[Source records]
──────────

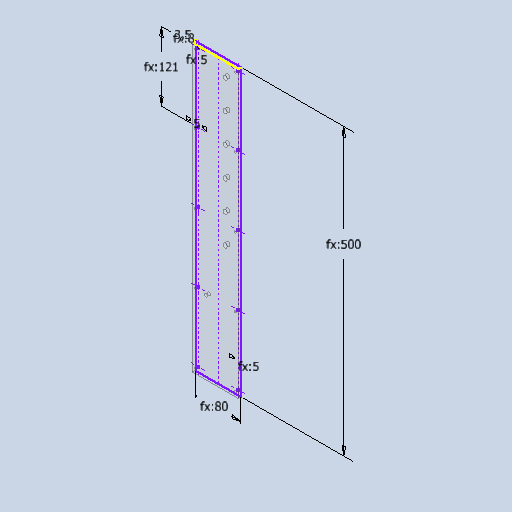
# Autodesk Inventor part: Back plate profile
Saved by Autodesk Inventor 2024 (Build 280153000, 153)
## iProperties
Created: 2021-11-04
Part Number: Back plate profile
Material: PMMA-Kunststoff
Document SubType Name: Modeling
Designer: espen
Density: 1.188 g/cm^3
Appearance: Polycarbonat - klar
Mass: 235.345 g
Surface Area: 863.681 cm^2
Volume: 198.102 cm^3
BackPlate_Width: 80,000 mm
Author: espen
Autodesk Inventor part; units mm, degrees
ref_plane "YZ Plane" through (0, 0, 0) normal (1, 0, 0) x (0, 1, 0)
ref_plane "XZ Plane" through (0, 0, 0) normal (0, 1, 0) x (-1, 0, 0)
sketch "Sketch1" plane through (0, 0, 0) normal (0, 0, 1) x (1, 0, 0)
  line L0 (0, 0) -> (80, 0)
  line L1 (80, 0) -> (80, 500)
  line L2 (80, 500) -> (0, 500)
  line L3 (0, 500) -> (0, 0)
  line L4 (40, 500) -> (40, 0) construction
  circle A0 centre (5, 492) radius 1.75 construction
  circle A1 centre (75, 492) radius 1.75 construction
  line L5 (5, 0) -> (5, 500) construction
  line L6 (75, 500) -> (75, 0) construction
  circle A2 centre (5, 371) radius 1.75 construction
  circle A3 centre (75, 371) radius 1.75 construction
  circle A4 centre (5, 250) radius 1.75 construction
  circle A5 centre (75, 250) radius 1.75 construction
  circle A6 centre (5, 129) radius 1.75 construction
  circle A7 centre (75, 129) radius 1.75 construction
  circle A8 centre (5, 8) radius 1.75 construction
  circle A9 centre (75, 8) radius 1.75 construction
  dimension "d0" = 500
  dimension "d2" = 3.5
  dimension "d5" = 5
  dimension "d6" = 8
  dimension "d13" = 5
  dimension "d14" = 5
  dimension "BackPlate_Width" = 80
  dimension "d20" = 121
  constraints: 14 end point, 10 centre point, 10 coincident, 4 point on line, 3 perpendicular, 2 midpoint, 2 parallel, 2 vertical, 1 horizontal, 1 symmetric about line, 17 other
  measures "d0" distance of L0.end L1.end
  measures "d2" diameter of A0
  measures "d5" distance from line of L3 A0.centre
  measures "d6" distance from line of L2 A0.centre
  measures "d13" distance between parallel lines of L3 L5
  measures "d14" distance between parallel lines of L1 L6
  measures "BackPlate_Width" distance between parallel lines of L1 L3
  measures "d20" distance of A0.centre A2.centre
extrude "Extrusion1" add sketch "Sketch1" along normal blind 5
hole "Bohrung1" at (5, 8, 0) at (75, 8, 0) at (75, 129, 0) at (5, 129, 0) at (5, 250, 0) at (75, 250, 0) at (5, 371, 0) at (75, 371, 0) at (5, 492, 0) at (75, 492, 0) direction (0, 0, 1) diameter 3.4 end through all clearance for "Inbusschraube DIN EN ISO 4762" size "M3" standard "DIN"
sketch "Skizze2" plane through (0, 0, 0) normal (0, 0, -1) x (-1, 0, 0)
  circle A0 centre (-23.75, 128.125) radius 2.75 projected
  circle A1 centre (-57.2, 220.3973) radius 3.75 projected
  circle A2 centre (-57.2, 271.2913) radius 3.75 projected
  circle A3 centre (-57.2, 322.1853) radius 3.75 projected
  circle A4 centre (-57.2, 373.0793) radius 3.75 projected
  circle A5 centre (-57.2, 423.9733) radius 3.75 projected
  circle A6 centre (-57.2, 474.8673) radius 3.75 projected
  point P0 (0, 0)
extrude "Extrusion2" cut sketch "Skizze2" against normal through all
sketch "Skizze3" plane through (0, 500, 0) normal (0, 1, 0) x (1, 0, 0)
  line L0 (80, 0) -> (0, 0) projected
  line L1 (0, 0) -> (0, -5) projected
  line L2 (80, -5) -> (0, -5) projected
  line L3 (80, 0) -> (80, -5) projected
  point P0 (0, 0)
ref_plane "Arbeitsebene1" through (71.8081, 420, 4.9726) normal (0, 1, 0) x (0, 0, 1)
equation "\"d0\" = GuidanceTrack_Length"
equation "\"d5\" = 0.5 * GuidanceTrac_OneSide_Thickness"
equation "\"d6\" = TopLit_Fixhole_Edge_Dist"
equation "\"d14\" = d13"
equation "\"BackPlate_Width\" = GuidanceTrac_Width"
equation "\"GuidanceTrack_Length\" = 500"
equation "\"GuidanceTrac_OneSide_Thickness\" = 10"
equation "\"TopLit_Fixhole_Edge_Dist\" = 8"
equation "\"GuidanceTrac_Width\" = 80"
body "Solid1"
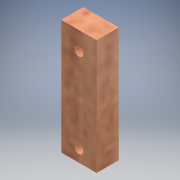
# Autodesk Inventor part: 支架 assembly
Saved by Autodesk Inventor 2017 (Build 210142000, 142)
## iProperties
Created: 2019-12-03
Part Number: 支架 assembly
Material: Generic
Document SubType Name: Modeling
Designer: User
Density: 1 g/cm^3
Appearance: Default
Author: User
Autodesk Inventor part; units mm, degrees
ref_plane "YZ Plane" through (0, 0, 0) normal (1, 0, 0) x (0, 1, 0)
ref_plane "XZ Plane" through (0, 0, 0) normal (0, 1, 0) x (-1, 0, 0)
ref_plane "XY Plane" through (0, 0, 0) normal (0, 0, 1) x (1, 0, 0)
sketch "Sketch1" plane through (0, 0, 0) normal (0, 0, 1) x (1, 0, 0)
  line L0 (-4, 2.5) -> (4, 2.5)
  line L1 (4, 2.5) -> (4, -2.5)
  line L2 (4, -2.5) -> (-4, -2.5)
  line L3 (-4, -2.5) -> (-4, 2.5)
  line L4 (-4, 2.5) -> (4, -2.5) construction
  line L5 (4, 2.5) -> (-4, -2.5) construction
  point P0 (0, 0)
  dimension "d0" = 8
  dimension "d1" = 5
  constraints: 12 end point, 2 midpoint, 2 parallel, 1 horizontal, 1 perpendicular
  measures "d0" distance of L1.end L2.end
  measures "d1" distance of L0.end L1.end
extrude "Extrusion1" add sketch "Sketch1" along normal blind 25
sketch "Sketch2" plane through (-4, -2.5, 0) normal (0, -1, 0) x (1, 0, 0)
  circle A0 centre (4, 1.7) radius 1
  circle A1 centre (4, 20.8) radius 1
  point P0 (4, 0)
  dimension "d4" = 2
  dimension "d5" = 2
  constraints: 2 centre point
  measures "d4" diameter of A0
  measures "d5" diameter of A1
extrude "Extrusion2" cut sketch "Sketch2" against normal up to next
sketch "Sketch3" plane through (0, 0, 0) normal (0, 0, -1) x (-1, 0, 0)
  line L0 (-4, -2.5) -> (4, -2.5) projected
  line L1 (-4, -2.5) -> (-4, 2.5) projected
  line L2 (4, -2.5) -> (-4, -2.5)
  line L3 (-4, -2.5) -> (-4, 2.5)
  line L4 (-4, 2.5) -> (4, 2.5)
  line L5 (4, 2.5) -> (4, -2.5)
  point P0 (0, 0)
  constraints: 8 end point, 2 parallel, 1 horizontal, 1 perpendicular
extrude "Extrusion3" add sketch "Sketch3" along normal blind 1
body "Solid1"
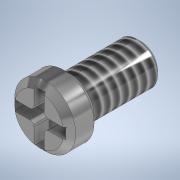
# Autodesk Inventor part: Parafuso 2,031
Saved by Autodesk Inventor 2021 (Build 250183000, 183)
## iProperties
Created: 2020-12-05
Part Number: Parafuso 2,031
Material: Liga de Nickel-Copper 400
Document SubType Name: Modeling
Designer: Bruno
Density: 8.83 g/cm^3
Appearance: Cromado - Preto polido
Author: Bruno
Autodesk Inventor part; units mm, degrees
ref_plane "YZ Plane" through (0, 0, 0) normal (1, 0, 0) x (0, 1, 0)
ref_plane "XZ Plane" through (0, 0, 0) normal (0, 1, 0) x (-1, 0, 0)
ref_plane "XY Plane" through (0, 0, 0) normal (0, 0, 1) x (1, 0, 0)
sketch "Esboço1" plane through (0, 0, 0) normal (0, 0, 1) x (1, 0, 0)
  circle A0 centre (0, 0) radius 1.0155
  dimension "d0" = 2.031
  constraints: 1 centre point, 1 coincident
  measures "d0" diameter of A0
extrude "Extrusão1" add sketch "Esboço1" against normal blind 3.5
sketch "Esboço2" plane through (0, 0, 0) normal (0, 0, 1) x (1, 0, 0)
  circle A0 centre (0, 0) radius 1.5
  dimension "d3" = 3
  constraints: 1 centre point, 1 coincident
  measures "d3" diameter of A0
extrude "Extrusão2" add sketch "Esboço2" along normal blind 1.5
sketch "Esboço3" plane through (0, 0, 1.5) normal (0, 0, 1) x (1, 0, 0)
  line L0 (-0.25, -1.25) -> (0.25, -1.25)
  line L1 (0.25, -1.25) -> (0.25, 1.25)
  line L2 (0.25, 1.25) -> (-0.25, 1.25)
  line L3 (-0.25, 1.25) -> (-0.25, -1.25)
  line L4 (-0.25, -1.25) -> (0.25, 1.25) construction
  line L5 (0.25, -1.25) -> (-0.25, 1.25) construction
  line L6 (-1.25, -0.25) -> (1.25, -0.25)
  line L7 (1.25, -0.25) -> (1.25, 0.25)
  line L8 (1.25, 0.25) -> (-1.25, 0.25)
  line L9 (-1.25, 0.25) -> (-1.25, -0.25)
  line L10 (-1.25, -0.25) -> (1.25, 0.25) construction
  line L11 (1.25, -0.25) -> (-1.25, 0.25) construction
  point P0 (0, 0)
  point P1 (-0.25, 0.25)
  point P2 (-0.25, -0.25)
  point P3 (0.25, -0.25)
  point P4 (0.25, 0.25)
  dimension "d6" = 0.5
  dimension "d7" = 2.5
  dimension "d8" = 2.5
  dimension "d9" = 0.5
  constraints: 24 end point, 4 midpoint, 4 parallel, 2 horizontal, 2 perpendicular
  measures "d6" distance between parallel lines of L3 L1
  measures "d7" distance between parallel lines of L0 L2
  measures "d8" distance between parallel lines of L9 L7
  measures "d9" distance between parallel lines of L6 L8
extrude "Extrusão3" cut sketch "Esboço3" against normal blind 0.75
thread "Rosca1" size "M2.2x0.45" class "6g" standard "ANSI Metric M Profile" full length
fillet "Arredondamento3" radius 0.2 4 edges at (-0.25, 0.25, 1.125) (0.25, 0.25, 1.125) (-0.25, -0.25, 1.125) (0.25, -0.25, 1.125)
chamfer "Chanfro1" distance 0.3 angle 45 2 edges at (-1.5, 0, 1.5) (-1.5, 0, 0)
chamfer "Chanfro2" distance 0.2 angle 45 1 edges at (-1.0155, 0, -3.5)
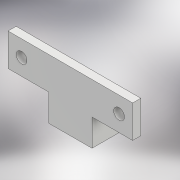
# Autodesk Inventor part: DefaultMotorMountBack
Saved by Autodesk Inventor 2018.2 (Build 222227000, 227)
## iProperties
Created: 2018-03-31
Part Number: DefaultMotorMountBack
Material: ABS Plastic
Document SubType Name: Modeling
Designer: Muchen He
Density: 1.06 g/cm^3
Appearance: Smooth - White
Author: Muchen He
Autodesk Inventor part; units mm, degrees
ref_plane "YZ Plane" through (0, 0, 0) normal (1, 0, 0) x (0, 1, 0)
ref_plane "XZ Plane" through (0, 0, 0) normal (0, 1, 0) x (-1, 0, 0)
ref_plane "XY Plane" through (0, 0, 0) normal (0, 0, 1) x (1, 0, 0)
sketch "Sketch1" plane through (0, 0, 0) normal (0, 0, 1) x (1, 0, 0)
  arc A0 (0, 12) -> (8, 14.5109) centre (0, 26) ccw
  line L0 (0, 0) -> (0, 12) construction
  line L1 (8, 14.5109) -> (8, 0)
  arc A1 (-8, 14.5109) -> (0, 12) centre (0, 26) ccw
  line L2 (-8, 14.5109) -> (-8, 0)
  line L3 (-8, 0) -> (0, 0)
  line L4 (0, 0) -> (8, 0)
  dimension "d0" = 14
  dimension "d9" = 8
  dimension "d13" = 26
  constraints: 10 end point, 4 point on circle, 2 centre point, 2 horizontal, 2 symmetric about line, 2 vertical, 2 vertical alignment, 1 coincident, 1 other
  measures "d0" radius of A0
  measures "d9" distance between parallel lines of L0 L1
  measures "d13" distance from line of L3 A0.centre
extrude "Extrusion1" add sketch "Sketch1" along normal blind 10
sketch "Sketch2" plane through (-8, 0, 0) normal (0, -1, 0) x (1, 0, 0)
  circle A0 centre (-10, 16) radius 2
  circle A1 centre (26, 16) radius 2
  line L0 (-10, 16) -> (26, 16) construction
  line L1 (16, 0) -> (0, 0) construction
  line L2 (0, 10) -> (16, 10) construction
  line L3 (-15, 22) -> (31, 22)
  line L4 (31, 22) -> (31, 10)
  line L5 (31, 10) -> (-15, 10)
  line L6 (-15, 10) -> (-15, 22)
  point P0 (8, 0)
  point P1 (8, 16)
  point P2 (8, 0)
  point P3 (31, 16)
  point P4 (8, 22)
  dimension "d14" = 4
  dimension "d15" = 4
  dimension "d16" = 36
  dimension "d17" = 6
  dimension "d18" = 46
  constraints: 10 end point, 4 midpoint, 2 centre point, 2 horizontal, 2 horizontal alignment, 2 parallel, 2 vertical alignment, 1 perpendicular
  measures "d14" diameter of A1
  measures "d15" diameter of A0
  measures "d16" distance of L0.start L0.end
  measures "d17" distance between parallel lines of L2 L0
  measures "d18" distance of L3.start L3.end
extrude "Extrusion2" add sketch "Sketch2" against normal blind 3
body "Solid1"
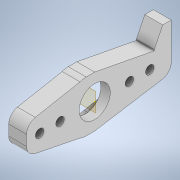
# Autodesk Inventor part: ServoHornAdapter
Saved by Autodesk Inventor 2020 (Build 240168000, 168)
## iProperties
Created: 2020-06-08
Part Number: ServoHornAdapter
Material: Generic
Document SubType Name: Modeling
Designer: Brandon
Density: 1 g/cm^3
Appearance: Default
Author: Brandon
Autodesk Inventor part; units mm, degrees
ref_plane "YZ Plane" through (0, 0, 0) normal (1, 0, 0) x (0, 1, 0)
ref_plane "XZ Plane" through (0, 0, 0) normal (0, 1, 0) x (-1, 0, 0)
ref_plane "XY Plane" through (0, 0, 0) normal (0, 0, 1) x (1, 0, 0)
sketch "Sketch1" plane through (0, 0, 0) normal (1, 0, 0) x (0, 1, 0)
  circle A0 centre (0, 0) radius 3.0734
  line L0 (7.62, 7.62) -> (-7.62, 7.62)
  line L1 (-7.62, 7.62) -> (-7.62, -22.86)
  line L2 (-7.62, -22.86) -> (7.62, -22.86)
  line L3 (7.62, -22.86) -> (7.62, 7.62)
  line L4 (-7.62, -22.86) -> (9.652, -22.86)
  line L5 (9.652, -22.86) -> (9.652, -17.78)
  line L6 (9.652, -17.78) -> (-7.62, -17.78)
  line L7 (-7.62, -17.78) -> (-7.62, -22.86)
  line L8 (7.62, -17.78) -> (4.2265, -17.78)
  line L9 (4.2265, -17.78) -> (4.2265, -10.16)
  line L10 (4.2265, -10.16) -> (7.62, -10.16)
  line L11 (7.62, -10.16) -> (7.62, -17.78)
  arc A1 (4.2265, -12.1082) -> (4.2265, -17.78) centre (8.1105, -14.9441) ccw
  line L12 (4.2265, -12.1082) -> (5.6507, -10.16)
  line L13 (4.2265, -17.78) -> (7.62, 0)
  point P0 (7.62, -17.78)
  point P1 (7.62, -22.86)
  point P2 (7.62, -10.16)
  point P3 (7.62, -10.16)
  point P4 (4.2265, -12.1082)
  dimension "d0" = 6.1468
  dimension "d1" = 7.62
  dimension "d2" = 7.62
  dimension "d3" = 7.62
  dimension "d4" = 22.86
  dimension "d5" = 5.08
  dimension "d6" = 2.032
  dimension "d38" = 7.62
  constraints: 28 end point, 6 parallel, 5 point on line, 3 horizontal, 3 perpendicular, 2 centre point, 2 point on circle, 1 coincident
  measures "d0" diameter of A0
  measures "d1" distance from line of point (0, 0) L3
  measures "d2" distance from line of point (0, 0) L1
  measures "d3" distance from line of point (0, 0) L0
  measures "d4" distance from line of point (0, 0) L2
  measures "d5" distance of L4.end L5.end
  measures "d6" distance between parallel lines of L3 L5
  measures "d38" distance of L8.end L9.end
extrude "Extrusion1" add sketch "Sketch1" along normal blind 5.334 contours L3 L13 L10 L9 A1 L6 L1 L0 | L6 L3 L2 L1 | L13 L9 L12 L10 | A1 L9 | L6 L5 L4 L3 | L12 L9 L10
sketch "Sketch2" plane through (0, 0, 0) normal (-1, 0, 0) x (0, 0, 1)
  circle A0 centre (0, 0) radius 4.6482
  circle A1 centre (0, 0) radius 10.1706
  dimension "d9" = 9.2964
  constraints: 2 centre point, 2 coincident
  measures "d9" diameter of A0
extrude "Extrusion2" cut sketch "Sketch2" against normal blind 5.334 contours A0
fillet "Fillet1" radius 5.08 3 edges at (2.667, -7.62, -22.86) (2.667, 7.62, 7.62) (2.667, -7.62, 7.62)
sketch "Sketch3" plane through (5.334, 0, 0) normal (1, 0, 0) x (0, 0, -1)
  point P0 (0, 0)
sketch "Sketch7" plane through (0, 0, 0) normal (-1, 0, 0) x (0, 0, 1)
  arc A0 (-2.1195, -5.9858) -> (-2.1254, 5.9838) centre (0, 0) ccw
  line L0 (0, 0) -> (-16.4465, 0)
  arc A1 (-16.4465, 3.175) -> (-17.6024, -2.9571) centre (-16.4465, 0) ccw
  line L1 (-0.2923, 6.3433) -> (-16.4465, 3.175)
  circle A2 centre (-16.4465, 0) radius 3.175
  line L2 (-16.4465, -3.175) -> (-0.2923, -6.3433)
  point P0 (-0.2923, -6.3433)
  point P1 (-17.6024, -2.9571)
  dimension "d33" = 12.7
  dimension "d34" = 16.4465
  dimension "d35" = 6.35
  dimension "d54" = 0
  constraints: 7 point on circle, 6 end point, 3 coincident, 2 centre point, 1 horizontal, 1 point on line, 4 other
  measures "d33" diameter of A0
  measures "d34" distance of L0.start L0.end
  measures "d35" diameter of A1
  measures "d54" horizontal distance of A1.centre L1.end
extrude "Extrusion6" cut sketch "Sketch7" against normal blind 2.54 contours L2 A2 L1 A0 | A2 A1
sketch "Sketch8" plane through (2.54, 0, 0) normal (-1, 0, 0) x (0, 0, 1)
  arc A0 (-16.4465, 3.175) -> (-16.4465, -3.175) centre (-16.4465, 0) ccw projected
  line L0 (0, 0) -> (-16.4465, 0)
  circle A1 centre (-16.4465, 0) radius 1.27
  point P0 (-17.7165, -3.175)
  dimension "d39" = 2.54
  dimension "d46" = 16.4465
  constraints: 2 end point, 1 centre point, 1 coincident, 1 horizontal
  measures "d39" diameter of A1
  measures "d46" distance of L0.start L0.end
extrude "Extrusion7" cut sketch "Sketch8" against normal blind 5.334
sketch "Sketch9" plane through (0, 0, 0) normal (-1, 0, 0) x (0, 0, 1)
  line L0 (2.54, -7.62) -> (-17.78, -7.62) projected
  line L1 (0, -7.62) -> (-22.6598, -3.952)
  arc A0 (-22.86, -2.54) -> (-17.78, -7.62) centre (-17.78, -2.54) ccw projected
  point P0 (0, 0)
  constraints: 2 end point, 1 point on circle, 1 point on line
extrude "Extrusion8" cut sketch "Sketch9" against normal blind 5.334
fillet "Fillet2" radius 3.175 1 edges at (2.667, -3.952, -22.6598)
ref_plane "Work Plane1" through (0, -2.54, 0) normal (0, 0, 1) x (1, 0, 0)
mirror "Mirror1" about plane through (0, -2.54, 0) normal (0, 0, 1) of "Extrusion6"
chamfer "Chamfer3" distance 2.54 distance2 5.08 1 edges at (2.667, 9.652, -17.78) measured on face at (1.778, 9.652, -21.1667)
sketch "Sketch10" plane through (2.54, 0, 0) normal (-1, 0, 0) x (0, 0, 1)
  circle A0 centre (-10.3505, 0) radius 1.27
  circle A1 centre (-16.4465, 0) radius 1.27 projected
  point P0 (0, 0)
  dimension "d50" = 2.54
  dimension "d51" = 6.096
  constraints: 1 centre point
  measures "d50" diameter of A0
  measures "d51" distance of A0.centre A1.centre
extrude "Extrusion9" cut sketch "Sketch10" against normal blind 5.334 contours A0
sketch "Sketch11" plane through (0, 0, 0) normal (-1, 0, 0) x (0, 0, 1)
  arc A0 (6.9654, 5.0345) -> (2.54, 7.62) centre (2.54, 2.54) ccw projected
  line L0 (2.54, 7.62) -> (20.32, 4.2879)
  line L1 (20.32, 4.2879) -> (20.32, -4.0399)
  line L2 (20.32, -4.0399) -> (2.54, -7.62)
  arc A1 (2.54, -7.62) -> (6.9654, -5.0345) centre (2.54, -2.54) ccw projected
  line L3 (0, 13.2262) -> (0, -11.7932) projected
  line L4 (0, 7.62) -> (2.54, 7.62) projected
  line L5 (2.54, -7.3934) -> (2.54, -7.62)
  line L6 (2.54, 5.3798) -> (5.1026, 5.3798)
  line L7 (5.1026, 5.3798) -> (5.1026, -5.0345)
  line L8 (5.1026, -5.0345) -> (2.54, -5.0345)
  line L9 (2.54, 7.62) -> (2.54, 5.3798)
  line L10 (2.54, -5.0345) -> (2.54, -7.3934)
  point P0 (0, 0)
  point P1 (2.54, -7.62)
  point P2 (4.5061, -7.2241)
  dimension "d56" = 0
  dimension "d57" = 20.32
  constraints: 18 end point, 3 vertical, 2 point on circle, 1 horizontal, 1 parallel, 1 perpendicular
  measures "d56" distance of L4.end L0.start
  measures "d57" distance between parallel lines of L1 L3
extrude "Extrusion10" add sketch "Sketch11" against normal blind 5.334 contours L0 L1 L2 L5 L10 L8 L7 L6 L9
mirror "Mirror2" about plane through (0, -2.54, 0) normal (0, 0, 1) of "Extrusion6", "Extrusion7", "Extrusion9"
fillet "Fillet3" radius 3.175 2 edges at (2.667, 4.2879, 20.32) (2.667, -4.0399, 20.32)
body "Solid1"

──────────

• [YOUR INSTRUCTIONS]:
Please give the number of lines in the entries above that hold "alignment", with no other text.

• [TASK RESULT]:
2